RECORDS SHOWN Block Start

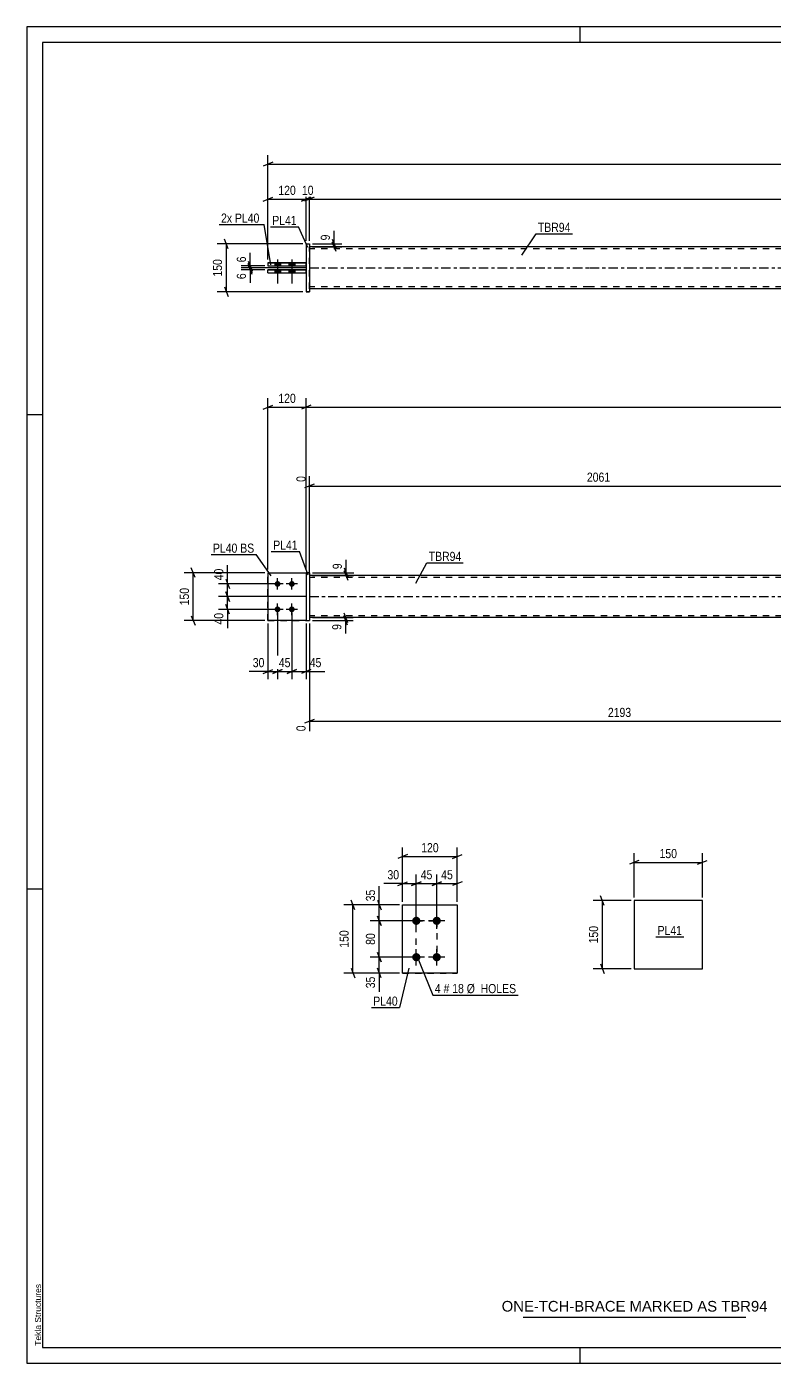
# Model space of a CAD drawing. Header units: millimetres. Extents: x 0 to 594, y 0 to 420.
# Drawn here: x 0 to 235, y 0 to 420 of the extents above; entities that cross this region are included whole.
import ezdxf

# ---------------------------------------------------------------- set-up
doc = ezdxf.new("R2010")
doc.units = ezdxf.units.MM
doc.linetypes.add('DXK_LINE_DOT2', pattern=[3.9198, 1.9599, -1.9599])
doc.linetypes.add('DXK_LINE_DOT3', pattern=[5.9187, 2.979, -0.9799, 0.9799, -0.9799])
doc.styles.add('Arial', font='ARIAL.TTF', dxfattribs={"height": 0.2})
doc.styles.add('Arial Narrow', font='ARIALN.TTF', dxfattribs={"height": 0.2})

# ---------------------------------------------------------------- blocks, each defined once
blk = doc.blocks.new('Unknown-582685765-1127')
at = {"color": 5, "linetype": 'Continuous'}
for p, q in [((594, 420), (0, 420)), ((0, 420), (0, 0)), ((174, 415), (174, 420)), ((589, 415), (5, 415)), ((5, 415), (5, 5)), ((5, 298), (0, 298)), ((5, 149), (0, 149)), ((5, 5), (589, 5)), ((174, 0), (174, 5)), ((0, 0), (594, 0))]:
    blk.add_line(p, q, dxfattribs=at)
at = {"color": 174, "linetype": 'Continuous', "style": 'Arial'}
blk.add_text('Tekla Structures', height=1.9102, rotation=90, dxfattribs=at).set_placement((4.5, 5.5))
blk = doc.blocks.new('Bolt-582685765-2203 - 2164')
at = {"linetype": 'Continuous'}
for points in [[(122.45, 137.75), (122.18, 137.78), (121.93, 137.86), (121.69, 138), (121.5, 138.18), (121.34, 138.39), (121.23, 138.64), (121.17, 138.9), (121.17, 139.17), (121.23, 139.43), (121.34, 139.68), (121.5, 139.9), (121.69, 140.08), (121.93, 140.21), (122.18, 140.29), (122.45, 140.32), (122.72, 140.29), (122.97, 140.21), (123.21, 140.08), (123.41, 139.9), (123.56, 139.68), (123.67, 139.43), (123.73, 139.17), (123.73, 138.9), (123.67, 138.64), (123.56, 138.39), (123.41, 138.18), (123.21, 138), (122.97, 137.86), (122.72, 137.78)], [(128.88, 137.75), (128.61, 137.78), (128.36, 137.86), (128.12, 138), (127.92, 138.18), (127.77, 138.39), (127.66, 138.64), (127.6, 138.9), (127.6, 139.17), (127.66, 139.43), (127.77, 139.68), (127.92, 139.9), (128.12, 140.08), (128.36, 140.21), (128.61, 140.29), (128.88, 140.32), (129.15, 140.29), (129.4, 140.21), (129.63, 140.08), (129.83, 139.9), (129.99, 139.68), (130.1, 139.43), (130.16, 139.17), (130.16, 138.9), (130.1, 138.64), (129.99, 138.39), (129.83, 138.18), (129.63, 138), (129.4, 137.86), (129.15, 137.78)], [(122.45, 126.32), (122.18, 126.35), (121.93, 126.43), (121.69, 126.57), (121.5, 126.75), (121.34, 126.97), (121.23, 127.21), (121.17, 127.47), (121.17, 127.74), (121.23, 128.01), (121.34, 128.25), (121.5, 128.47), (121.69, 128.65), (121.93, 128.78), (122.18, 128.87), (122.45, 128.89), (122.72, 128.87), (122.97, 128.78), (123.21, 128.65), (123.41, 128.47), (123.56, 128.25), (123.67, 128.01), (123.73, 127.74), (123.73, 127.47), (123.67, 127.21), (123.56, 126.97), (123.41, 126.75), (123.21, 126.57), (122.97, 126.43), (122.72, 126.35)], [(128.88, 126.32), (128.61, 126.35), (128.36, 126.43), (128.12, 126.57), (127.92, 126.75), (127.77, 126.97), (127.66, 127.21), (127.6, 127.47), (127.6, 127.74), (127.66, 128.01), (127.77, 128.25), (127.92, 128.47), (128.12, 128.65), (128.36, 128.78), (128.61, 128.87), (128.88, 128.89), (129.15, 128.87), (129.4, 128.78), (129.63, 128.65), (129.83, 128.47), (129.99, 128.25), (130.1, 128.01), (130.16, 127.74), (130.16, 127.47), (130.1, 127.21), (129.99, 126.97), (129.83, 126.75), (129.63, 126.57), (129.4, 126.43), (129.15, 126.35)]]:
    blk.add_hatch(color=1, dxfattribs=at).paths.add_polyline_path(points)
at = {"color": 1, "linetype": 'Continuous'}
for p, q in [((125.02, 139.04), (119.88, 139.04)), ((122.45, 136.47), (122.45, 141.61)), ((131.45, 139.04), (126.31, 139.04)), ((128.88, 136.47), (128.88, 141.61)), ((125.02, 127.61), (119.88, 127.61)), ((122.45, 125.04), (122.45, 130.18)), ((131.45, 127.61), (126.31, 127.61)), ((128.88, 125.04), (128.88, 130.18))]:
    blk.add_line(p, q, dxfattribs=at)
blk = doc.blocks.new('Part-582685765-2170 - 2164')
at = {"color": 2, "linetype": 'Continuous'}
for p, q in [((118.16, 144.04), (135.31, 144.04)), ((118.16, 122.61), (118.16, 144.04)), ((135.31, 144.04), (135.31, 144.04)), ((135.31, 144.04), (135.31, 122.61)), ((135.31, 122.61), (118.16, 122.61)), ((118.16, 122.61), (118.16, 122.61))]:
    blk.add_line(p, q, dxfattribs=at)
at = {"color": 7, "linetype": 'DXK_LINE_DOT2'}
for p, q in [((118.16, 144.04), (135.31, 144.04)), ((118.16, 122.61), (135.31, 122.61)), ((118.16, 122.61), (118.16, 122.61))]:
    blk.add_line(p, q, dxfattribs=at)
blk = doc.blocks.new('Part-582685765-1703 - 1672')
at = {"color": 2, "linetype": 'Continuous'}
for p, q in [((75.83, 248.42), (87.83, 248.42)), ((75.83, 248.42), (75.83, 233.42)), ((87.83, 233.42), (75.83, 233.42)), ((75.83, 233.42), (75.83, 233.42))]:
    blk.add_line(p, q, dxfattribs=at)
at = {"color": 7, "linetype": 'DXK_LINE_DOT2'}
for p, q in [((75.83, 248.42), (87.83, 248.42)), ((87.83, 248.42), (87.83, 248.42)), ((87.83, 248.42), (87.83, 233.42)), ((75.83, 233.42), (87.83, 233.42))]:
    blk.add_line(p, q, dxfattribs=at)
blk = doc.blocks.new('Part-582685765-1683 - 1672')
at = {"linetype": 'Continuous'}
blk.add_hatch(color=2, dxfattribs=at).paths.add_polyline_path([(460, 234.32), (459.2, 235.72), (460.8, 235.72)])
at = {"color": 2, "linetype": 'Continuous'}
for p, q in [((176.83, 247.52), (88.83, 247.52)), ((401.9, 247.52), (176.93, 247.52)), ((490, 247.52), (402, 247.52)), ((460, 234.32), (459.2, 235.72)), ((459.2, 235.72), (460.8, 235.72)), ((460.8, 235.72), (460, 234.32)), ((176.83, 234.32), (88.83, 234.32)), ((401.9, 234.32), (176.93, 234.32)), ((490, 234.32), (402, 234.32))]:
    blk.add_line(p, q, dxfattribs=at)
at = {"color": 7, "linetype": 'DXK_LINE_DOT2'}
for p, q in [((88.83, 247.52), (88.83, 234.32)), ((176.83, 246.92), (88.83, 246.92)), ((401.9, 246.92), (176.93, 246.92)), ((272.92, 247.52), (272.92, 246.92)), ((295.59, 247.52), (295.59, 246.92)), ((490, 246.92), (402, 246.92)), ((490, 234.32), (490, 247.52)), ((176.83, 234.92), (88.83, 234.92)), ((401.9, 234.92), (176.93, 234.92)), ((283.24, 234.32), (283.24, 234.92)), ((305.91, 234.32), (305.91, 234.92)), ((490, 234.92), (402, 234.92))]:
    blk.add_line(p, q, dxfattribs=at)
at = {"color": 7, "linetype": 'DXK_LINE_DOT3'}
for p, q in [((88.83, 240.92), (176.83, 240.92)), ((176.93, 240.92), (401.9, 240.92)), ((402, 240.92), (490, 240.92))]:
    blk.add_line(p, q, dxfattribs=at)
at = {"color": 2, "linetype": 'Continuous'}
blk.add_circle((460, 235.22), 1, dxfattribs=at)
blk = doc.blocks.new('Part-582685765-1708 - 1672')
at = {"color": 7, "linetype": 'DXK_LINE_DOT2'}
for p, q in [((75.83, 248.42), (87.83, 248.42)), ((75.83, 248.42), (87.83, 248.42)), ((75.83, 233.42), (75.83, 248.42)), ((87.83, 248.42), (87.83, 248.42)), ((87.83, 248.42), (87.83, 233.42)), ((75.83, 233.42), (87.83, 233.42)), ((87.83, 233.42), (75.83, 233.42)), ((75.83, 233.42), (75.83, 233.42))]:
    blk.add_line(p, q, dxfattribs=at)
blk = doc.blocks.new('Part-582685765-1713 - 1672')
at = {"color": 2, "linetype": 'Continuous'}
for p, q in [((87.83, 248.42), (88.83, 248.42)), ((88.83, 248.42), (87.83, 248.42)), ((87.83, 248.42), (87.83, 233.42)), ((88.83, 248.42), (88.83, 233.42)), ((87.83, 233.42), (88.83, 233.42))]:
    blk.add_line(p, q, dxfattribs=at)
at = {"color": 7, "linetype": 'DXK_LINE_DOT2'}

RECORDS SHOWN Block End

EXERCISE DETAILS » Throughout the material above, find every line holding "ezdxf" and copy it.

YOUR SOLUTION »
import ezdxf
doc = ezdxf.new("R2010")
doc.units = ezdxf.units.MM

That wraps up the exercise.